As desonerações sobre a folha também deveriam ser revistas segundo Amir Khair, especialista em finanças públicas. Sua principal crítica recai sobre as mudanças na contribuição previdenciária patronal realizadas pelo governo há quatro anos.
 
A contribuição, que equivalia a 20% de imposto sobre a folha de pagamento, foi substituída por uma alíquota sobre a receita bruta da empresa.
 
Originalmente essa alíquota era de 1% a 2% – dependendo da atividade -, sobre a receita bruta. Recentemente esses percentuais foram elevados para entre 2% e 4,5%, justamente por causa das perdas de arrecadação do governo. Mas Khair diz que a elevação não compensa os repasses para o INSS.
 
“A contribuição previdenciária patronal é a principal receita do INSS. Quando o governo mudou as regras, previu que o Tesouro compensaria eventuais perdas para a Previdência. Mas não existem dados precisos para mensurar o tamanho do benefício que deixou de ser pago ao INSS. É provável que o Tesouro não compense tudo”, diz Khair.
 
Segundo ele, para evitar maiores prejuízos à Previdência, seria necessário que a regra dos 20% sobre a folha de pagamento voltasse a ser obrigatória. Cálculos do governo mostram que quase R$ 26 bilhões deixarão de ser arrecadados este ano por causa das desonerações sobre a folha.
 
O especialista em finanças públicas cita ainda a necessidade de se rever uma série de isenções tributárias previstas na Constituição para alguns segmentos específicos. “Os templos religiosos, ou de qualquer outra natureza, não precisam pagar impostos, sendo que muitos têm uma receita expressiva, possuem até canais de televisão”, diz Khair.
 
De acordo com ele, as ações para ajustar as contas públicas precisam ter frentes diversificadas. “No ano passado, o aumento das despesas responderam por 5% do déficit público, a perda de arrecadação por 13% e os juros por 82%. Fica claro onde está o principal problema”
 
A revisão dos benefícios é, sem dúvida, apenas um dos componentes para reduzir a trajetória do déficit primário. Mas para o tributarista Clóvis Panzarini tem um peso importante, principalmente porque se trata de uma oportunidade de se reverter distorções históricas.
 
“O governo concedeu muitos benefícios de maneira aleatória. Quem chorava mais, recebia mais. Isso, sem que se fizesse uma avaliação dos resultados gerados pelos benefícios”, diz Panzarini, para quem as desonerações não tornaram as empresas do país mais competitivas.
 
Além dos benefícios fiscais – que ficaram conhecidos como bolsa empresário -, o tributarista diz ainda que a nova equipe econômica precisa rever o que chama de bolsa BNDES. “É um absurdo o governo ter captado recursos com base na Selic, a 11% ao ano, e emprestado às empresas a 6%”, diz Panzarini.
 
No que diz respeito à revisão dos benefícios fiscais, é bom que se diga que nada de concreto ainda foi anunciado. Mas é consenso a necessidade de que muitas das desonerações sejam reavaliadas diante do impacto de R$ 295,9 bilhões nas contas do governo neste ano.
 
Fonte: Diário do Comércio
As matérias aqui apresentadas são retiradas da fonte acima citada, cabendo à ela o crédito pela mesma

Empresas voltam a contribuir com previdência por meio da folha salarial

Empresas voltam a contribuir com previdência por meio da folha salarial

Com a revisão de desonerações, essa é uma opção atraente às companhias com baixos níveis de empregabilidade e de custos; alíquotas incidentes sobre receita bruta mais que dobraram.
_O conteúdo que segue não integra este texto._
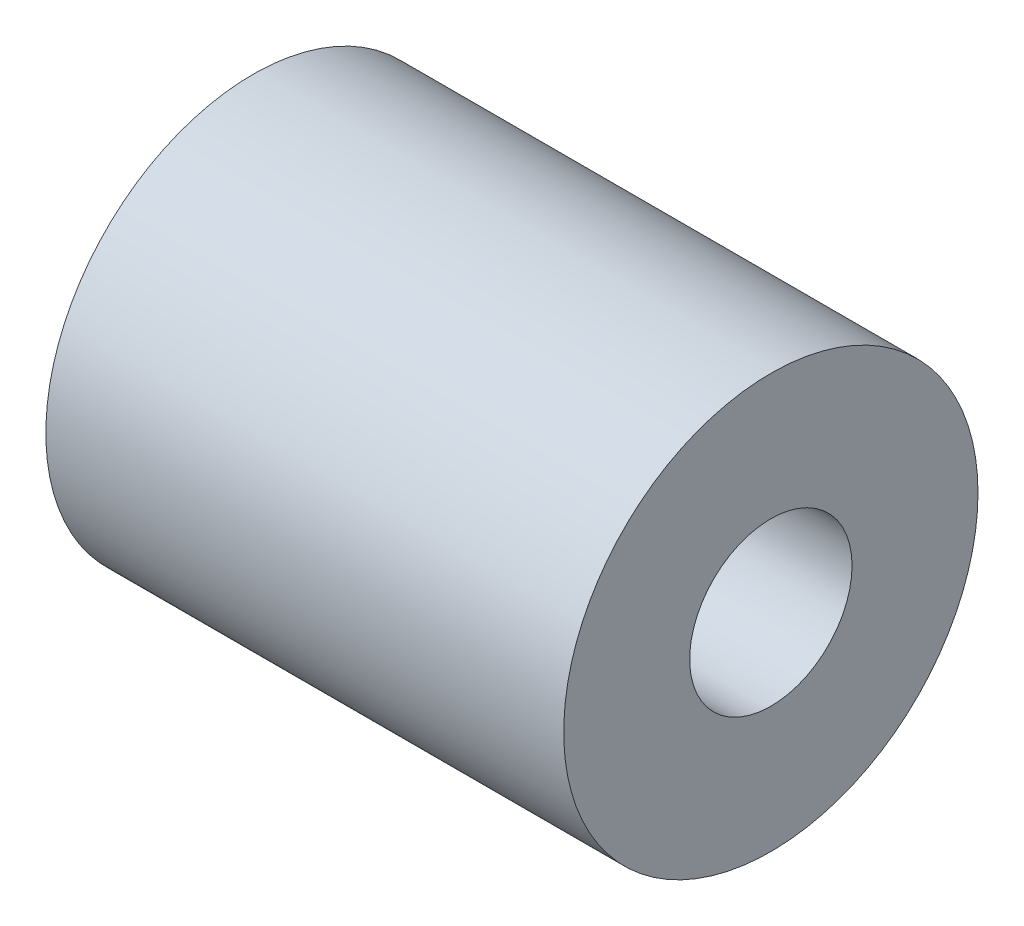
ISO-10303-21;
HEADER;
FILE_DESCRIPTION(('STEP AP214'),'2;1');
FILE_NAME('part.step','',(''),(''),'','','');
FILE_SCHEMA(('AUTOMOTIVE_DESIGN { 1 0 10303 214 1 1 1 1 }'));
ENDSEC;
DATA;
#1=APPLICATION_CONTEXT('core data for automotive mechanical design processes');
#2=APPLICATION_PROTOCOL_DEFINITION('international standard','automotive_design',2000,#1);
#3=PRODUCT_CONTEXT('',#1,'mechanical');
#4=PRODUCT('Part','Part','',(#3));
#5=PRODUCT_RELATED_PRODUCT_CATEGORY('part','',(#4));
#6=PRODUCT_DEFINITION_FORMATION('','',#4);
#7=PRODUCT_DEFINITION_CONTEXT('part definition',#1,'design');
#8=PRODUCT_DEFINITION('design','',#6,#7);
#9=PRODUCT_DEFINITION_SHAPE('','',#8);
#10=(LENGTH_UNIT() NAMED_UNIT(*) SI_UNIT(.MILLI.,.METRE.));
#11=(NAMED_UNIT(*) PLANE_ANGLE_UNIT() SI_UNIT($,.RADIAN.));
#12=(NAMED_UNIT(*) SI_UNIT($,.STERADIAN.) SOLID_ANGLE_UNIT());
#13=UNCERTAINTY_MEASURE_WITH_UNIT(LENGTH_MEASURE(1.E-05),#10,'distance_accuracy_value','');
#14=(GEOMETRIC_REPRESENTATION_CONTEXT(3) GLOBAL_UNCERTAINTY_ASSIGNED_CONTEXT((#13)) GLOBAL_UNIT_ASSIGNED_CONTEXT((#10,
#11,#12)) REPRESENTATION_CONTEXT('',''));
#15=CARTESIAN_POINT('',(0.,0.,0.));
#16=DIRECTION('',(0.,0.,1.));
#17=DIRECTION('',(1.,0.,0.));
#18=AXIS2_PLACEMENT_3D('',#15,#16,#17);
#19=CARTESIAN_POINT('',(15.875,0.,0.));
#20=DIRECTION('',(1.,0.,0.));
#21=DIRECTION('',(0.,0.,-1.));
#22=AXIS2_PLACEMENT_3D('',#19,#20,#21);
#23=PLANE('',#22);
#24=CARTESIAN_POINT('',(15.875,0.,0.));
#25=DIRECTION('',(1.,0.,0.));
#26=DIRECTION('',(0.,0.,-1.));
#27=AXIS2_PLACEMENT_3D('',#24,#25,#26);
#28=CIRCLE('',#27,6.35);
#29=CARTESIAN_POINT('',(15.875,0.,-6.35));
#30=VERTEX_POINT('',#29);
#31=EDGE_CURVE('E10',#30,#30,#28,.T.);
#32=ORIENTED_EDGE('',*,*,#31,.T.);
#33=EDGE_LOOP('',(#32));
#34=FACE_BOUND('',#33,.T.);
#35=CARTESIAN_POINT('',(15.875,0.,0.));
#36=DIRECTION('',(1.,0.,0.));
#37=DIRECTION('',(0.,0.,-1.));
#38=AXIS2_PLACEMENT_3D('',#35,#36,#37);
#39=CIRCLE('',#38,2.4892);
#40=CARTESIAN_POINT('',(15.875,0.,-2.4892));
#41=VERTEX_POINT('',#40);
#42=EDGE_CURVE('E45',#41,#41,#39,.T.);
#43=ORIENTED_EDGE('',*,*,#42,.F.);
#44=EDGE_LOOP('',(#43));
#45=FACE_BOUND('',#44,.T.);
#46=ADVANCED_FACE('F34',(#34,#45),#23,.T.);
#47=CARTESIAN_POINT('',(0.,0.,0.));
#48=DIRECTION('',(1.,0.,0.));
#49=DIRECTION('',(0.,0.,-1.));
#50=AXIS2_PLACEMENT_3D('',#47,#48,#49);
#51=PLANE('',#50);
#52=CARTESIAN_POINT('',(0.,0.,0.));
#53=DIRECTION('',(1.,0.,0.));
#54=DIRECTION('',(0.,0.,-1.));
#55=AXIS2_PLACEMENT_3D('',#52,#53,#54);
#56=CIRCLE('',#55,6.35);
#57=CARTESIAN_POINT('',(0.,0.,-6.35));
#58=VERTEX_POINT('',#57);
#59=EDGE_CURVE('E38',#58,#58,#56,.T.);
#60=ORIENTED_EDGE('',*,*,#59,.F.);
#61=EDGE_LOOP('',(#60));
#62=FACE_BOUND('',#61,.T.);
#63=CARTESIAN_POINT('',(0.,0.,0.));
#64=DIRECTION('',(1.,0.,0.));
#65=DIRECTION('',(0.,0.,-1.));
#66=AXIS2_PLACEMENT_3D('',#63,#64,#65);
#67=CIRCLE('',#66,2.4892);
#68=CARTESIAN_POINT('',(0.,0.,-2.4892));
#69=VERTEX_POINT('',#68);
#70=EDGE_CURVE('E47',#69,#69,#67,.T.);
#71=ORIENTED_EDGE('',*,*,#70,.T.);
#72=EDGE_LOOP('',(#71));
#73=FACE_BOUND('',#72,.T.);
#74=ADVANCED_FACE('F57',(#62,#73),#51,.F.);
#75=CARTESIAN_POINT('',(15.875,0.,0.));
#76=DIRECTION('',(-1.,0.,0.));
#77=DIRECTION('',(0.,0.,1.));
#78=AXIS2_PLACEMENT_3D('',#75,#76,#77);
#79=CYLINDRICAL_SURFACE('',#78,6.35);
#80=ORIENTED_EDGE('',*,*,#31,.F.);
#81=EDGE_LOOP('',(#80));
#82=FACE_BOUND('',#81,.T.);
#83=ORIENTED_EDGE('',*,*,#59,.T.);
#84=EDGE_LOOP('',(#83));
#85=FACE_BOUND('',#84,.T.);
#86=ADVANCED_FACE('F36',(#82,#85),#79,.T.);
#87=CARTESIAN_POINT('',(15.875,0.,0.));
#88=DIRECTION('',(-1.,0.,0.));
#89=DIRECTION('',(0.,0.,1.));
#90=AXIS2_PLACEMENT_3D('',#87,#88,#89);
#91=CYLINDRICAL_SURFACE('',#90,2.4892);
#92=ORIENTED_EDGE('',*,*,#42,.T.);
#93=EDGE_LOOP('',(#92));
#94=FACE_BOUND('',#93,.T.);
#95=ORIENTED_EDGE('',*,*,#70,.F.);
#96=EDGE_LOOP('',(#95));
#97=FACE_BOUND('',#96,.T.);
#98=ADVANCED_FACE('F53',(#94,#97),#91,.F.);
#99=CLOSED_SHELL('',(#46,#74,#86,#98));
#100=MANIFOLD_SOLID_BREP('B2',#99);
#101=ADVANCED_BREP_SHAPE_REPRESENTATION('',(#18,#100),#14);
#102=SHAPE_DEFINITION_REPRESENTATION(#9,#101);
ENDSEC;
END-ISO-10303-21;

Com a revisão das desonerações, muitas empresas estão voltando a contribuir com a Previdência Social por meio da alíquota de 20% sobre a folha de pagamento.
O que inicialmente foi uma política de incentivo à formalização do trabalho, pode se transformar agora em um mecanismo de estímulo a menores níveis de empregabilidade nas companhias. Isso porque ser tributado pela receita bruta ficou mais caro para algumas companhias.
Gabriela Miziara Jajah, associada da área tributária do Siqueira Castro Advogados informa, inclusive, que empresas clientes do escritório devem migrar a sua base de referência das contribuições previdenciárias para a folha salarial, no próximo mês, para reduzir despesas.
“Com a revisão das desonerações, as alíquotas incidentes sobre a receita bruta das empresas mais do que dobraram. Tendo em vista que isso ocorreu em um cenário de recessão, trata-se de uma dupla oneração, já que o empresário está com menos poder aquisitivo de arcar com uma alíquota maior, mesmo que tenha registrado queda em seu volume financeiro”, afirma Miziara.
A advogada ressalta que a opção tem sido atraente para as companhias com folha de pagamento “mais enxuta”, ou seja, com baixos níveis de empregabilidade ou de custos com funcionários.
Já as empresas com folha salarial “inchada” estão preferindo continuar contribuindo via receita bruta.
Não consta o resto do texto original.